PROBLEM TO SOLVE: Copy every line of the entries that includes the word "OpenCascade".

═══ GIVEN RECORDS ═══

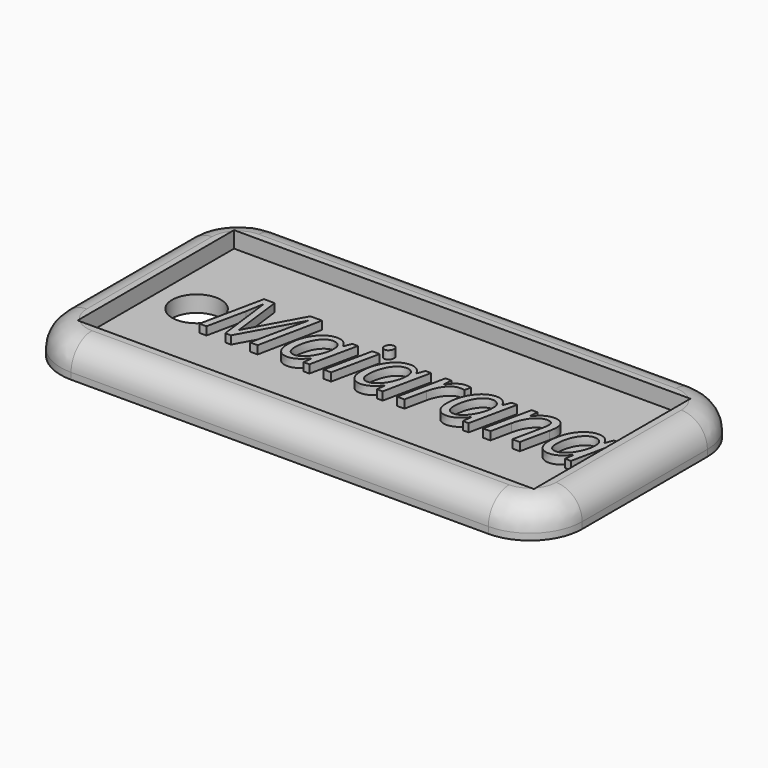
from build123d import *

# Parameters (mm, degrees)
F0_W         = 44.45
F0_H         = 19.05
F0_R         = 2.38125
F1_DEPTH     = 1.5875
F0_W_2       = 50.8
F0_H_2       = 25.4
F2_DEPTH     = 3.175
F3_R         = 5.08
F4_T1_DEPTH  = 40.64
F4_T3_DEPTH  = 15.24
F4_T6_ANGLE  = 90
F4_T8_ANGLE  = 90
F4_T10_ANGLE = 90
F4_T12_ANGLE = 90
F5_TEXT_SIZE = 8.7172887173
F6_DEPTH     = 0.79375


# Not quite as in the source:
# - a fillet or chamfer that OpenCascade refuses, or shapes differently, is made with other operations: its cross-section is extruded or revolved along the edge and cut away or added
# - a length typed as a fraction of an inch, garbled in the dataset ("3 / 203.2 mm" for 3/8 in), is restored
# - Text() gives the source's letters only with a copy of the font that has no kerning and outlines rounded to 1/6400 em; it was checked with that copy


with BuildPart() as f1:
    # F0 (on Top) → F1 (new body)
    with BuildSketch(Plane.XY):
        with Locations((25.4, 12.7)):
            Rectangle(F0_W, F0_H)
        with Locations((7.14375, 12.7)):
            Circle(F0_R, mode=Mode.SUBTRACT)
    extrude(amount=F1_DEPTH)

    # F0 (on Top) → F2 (join)
    with BuildSketch(Plane.XY):
        with Locations((25.4, 12.7)):
            Rectangle(F0_W_2, F0_H_2)
        with Locations((25.4, 12.7)):
            Rectangle(F0_W, F0_H, mode=Mode.SUBTRACT)
    extrude(amount=F2_DEPTH)

    # F3
    f3_edges = [f1.edges().sort_by_distance(p)[0] for p in [
        (50.8, 0, 1.5875),
        (0, 0, 1.5875),
        (50.8, 25.4, 1.5875),
        (0, 25.4, 1.5875),
    ]]
    fillet(f3_edges, radius=F3_R)

    # F4: fillet of radius 2.54 on 8 edges, made by hand

    # F4_s2 → F4_t1 (cut)
    with BuildSketch(Plane.YZ.offset(5.08)):
        with BuildLine():
            ThreePointArc((25.4, 0.635), (24.6560512242, 2.4310512242), (22.86, 3.175))
            Line((22.86, 3.175), (25.4, 3.175))
            Line((25.4, 3.175), (25.4, 0.635))
        make_face()
        with BuildLine():
            ThreePointArc((0, 0.635), (0.7439487758, 2.4310512242), (2.54, 3.175))
            Line((2.54, 3.175), (0, 3.175))
            Line((0, 3.175), (0, 0.635))
        make_face()
    extrude(amount=F4_T1_DEPTH, mode=Mode.SUBTRACT)

    # F4_s4 → F4_t3 (cut)
    with BuildSketch(Plane.XZ.offset(-20.32)):
        with BuildLine():
            ThreePointArc((0, 0.635), (0.7439487758, 2.4310512242), (2.54, 3.175))
            Line((2.54, 3.175), (0, 3.175))
            Line((0, 3.175), (0, 0.635))
        make_face()
        with BuildLine():
            ThreePointArc((50.8, 0.635), (50.0560512242, 2.4310512242), (48.26, 3.175))
            Line((48.26, 3.175), (50.8, 3.175))
            Line((50.8, 3.175), (50.8, 0.635))
        make_face()
    extrude(amount=F4_T3_DEPTH, mode=Mode.SUBTRACT)

    # F4_s5 → F4_t6 (revolve, cut)
    with BuildSketch(Plane.XZ.offset(-20.32)):
        with BuildLine():
            ThreePointArc((0, 0.635), (0.7439487758, 2.4310512242), (2.54, 3.175))
            Line((2.54, 3.175), (0, 3.175))
            Line((0, 3.175), (0, 0.635))
        make_face()
    revolve(axis=Axis((5.08, 20.32, 3.175), (0, 0, -1)), revolution_arc=F4_T6_ANGLE, mode=Mode.SUBTRACT)

    # F4_s7 → F4_t8 (revolve, cut)
    with BuildSketch(Plane.XZ.offset(-5.08)):
        with BuildLine():
            ThreePointArc((0, 0.635), (0.7439487758, 2.4310512242), (2.54, 3.175))
            Line((2.54, 3.175), (0, 3.175))
            Line((0, 3.175), (0, 0.635))
        make_face()
    revolve(axis=Axis((5.08, 5.08, 3.175), (0, 0, 1)), revolution_arc=F4_T8_ANGLE, mode=Mode.SUBTRACT)

    # F4_s9 → F4_t10 (revolve, cut)
    with BuildSketch(Plane.XZ.offset(-20.32)):
        with BuildLine():
            ThreePointArc((50.8, 0.635), (50.0560512242, 2.4310512242), (48.26, 3.175))
            Line((48.26, 3.175), (50.8, 3.175))
            Line((50.8, 3.175), (50.8, 0.635))
        make_face()
    revolve(axis=Axis((45.72, 20.32, 3.175), (0, 0, 1)), revolution_arc=F4_T10_ANGLE, mode=Mode.SUBTRACT)

    # F4_s11 → F4_t12 (revolve, cut)
    with BuildSketch(Plane.YZ.offset(45.72)):
        with BuildLine():
            ThreePointArc((0, 0.635), (0.7439487758, 2.4310512242), (2.54, 3.175))
            Line((2.54, 3.175), (0, 3.175))
            Line((0, 3.175), (0, 0.635))
        make_face()
    revolve(axis=Axis((45.72, 5.08, 3.175), (0, 0, 1)), revolution_arc=F4_T12_ANGLE, mode=Mode.SUBTRACT)

    # F5 (on face) → F6 (join)
    with BuildSketch(Plane.XY.offset(1.5875)):
        with Locations((9.432845674, 9.7341442645)):
            Text('Maiarana', F5_TEXT_SIZE, font='Open Sans', font_style=FontStyle.ITALIC, text_align=(TextAlign.LEFT, TextAlign.BOTTOM))
    extrude(amount=F6_DEPTH)


solid = f1.part
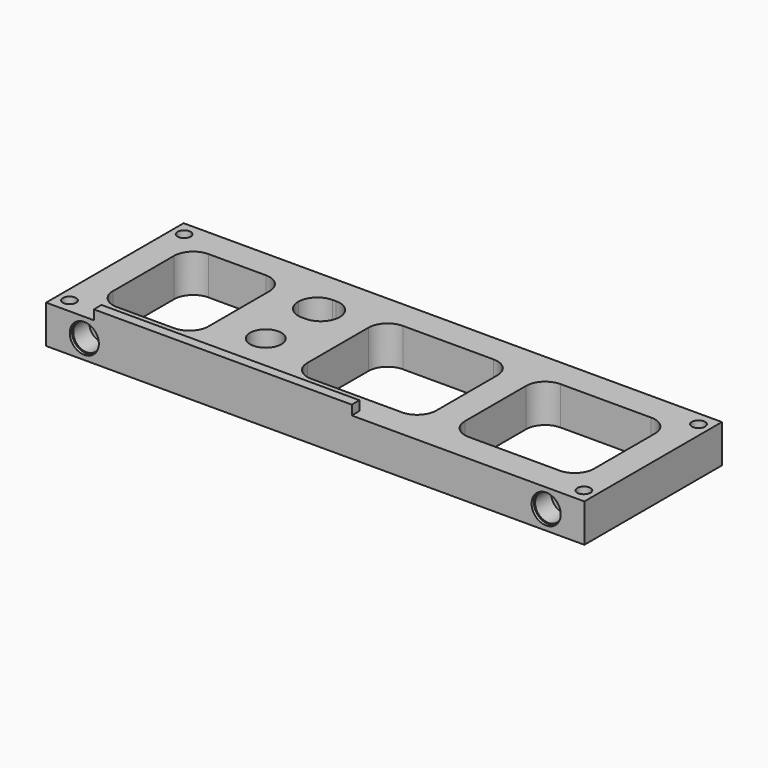
from build123d import *

# Parameters (mm, degrees)
F0_W      = 112.7
F0_H      = 36
F1_DEPTH  = 8
F3_W      = 54
F3_H      = 2
F4_DEPTH  = 2
F5_R      = 3.27
F6_DEPTH  = 8.001
F7_R      = 1.375
F8_DEPTH  = 10.001
F10_R     = 5.25
F11_DEPTH = 4.5
F9_W      = 20
F9_H      = 24
F9_W_2    = 27
F9_W_3    = 8.7
F9_H_2    = 8
F12_DEPTH = 10.001
F13_R     = 3.99999
F14_R     = 2.795
F15_DEPTH = 4.8
F16_R     = 2.795
F17_DEPTH = 4.8
F18_R     = 3.05
F19_DEPTH = 0.6
F20_R     = 3.05
F21_DEPTH = 0.6


# Not quite as in the source:
# - a fillet or chamfer is up to 0.001 mm smaller than in the source, because OpenCascade refuses the exact size


with BuildPart() as f1:
    # F0 (on Top) → F1 (new body)
    with BuildSketch(Plane.XY):
        Rectangle(F0_W, F0_H)
    extrude(amount=F1_DEPTH)

    # F3 (on face) → F4 (join)
    with BuildSketch(Plane.XY.offset(8)):
        with Locations((-19.35, -17)):
            Rectangle(F3_W, F3_H)
    extrude(amount=F4_DEPTH)

    # F5 (on face) → F6 (cut, through all)
    with BuildSketch(Plane.XY.offset(8)):
        with Locations((-20.35, -5.5)):
            Circle(F5_R)
    extrude(amount=-F6_DEPTH, mode=Mode.SUBTRACT)

    # F7 (on face) → F8 (cut, through all)
    with BuildSketch(Plane(origin=(0, 0, 0), x_dir=(1, 0, 0), z_dir=(0, 0, -1))):
        with Locations((-53.85, 15)):
            Circle(F7_R)
        with Locations((-53.85, -15)):
            Circle(F7_R)
        with Locations((53.85, 15)):
            Circle(F7_R)
        with Locations((53.85, -15)):
            Circle(F7_R)
    extrude(amount=-F8_DEPTH, mode=Mode.SUBTRACT)

    # F10 (on face) → F11 (cut)
    with BuildSketch(Plane(origin=(0, 0, 0), x_dir=(1, 0, 0), z_dir=(0, 0, -1))):
        with Locations((-20.35, 5.5)):
            Circle(F10_R)
    extrude(amount=-F11_DEPTH, mode=Mode.SUBTRACT)

    # F9 (on face) → F12 (cut, through all)
    with BuildSketch(Plane(origin=(0, 0, 0), x_dir=(1, 0, 0), z_dir=(0, 0, -1))):
        with Locations((-40.35, 0)):
            Rectangle(F9_W, F9_H)
        with Locations((3.85, 0)):
            Rectangle(F9_W_2, F9_H)
        with Locations((36.85, 0)):
            Rectangle(F9_W_2, F9_H)
        with Locations((-20, -8)):
            Rectangle(F9_W_3, F9_H_2)
    extrude(amount=-F12_DEPTH, mode=Mode.SUBTRACT)

    # F13 (radius 4 in the source; OpenCascade refuses exactly that, so slightly less here)
    f13_edges = [f1.edges().sort_by_distance(p)[0] for p in [
        (-30.35, -12, 4),
        (-50.35, -12, 4),
        (-50.35, 12, 4),
        (-30.35, 12, 4),
        (-24.35, 4, 4),
        (-9.65, -12, 4),
        (23.35, -12, 4),
        (-9.65, 12, 4),
        (-24.35, 12, 4),
        (17.35, -12, 4),
        (50.35, -12, 4),
        (50.35, 12, 4),
        (23.35, 12, 4),
        (-15.65, 4, 4),
        (-15.65, 12, 4),
        (17.35, 12, 4),
    ]]
    fillet(f13_edges, radius=F13_R)

    # F14 (on face) → F15 (cut)
    with BuildSketch(Plane.XZ.offset(18)):
        with Locations((48.35, 4)):
            Circle(F14_R)
        with Locations((-48.35, 4)):
            Circle(F14_R)
    extrude(amount=-F15_DEPTH, mode=Mode.SUBTRACT)

    # F16 (on face) → F17 (cut)
    with BuildSketch(Plane(origin=(0, 18, 0), x_dir=(-1, 0, 0), z_dir=(0, 1, 0))):
        with Locations((48.35, 4)):
            Circle(F16_R)
        with Locations((-48.35, 4)):
            Circle(F16_R)
    extrude(amount=-F17_DEPTH, mode=Mode.SUBTRACT)

    # F18 (on face) → F19 (cut)
    with BuildSketch(Plane.XZ.offset(18)):
        with Locations((-48.35, 4)):
            Circle(F18_R)
        with Locations((48.35, 4)):
            Circle(F18_R)
    extrude(amount=-F19_DEPTH, mode=Mode.SUBTRACT)

    # F20 (on face) → F21 (cut)
    with BuildSketch(Plane(origin=(0, 18, 0), x_dir=(-1, 0, 0), z_dir=(0, 1, 0))):
        with Locations((-48.35, 4)):
            Circle(F20_R)
        with Locations((48.35, 4)):
            Circle(F20_R)
    extrude(amount=-F21_DEPTH, mode=Mode.SUBTRACT)


solid = f1.part

═══

OUTPUT:
# - a fillet or chamfer that OpenCascade refuses, or shapes differently, is made with other operations: its cross-section is extruded or revolved along the edge and cut away or added
# - a fillet or chamfer is up to 0.001 mm smaller than in the source, because OpenCascade refuses the exact size
    # F13 (radius 4 in the source; OpenCascade refuses exactly that, so slightly less here)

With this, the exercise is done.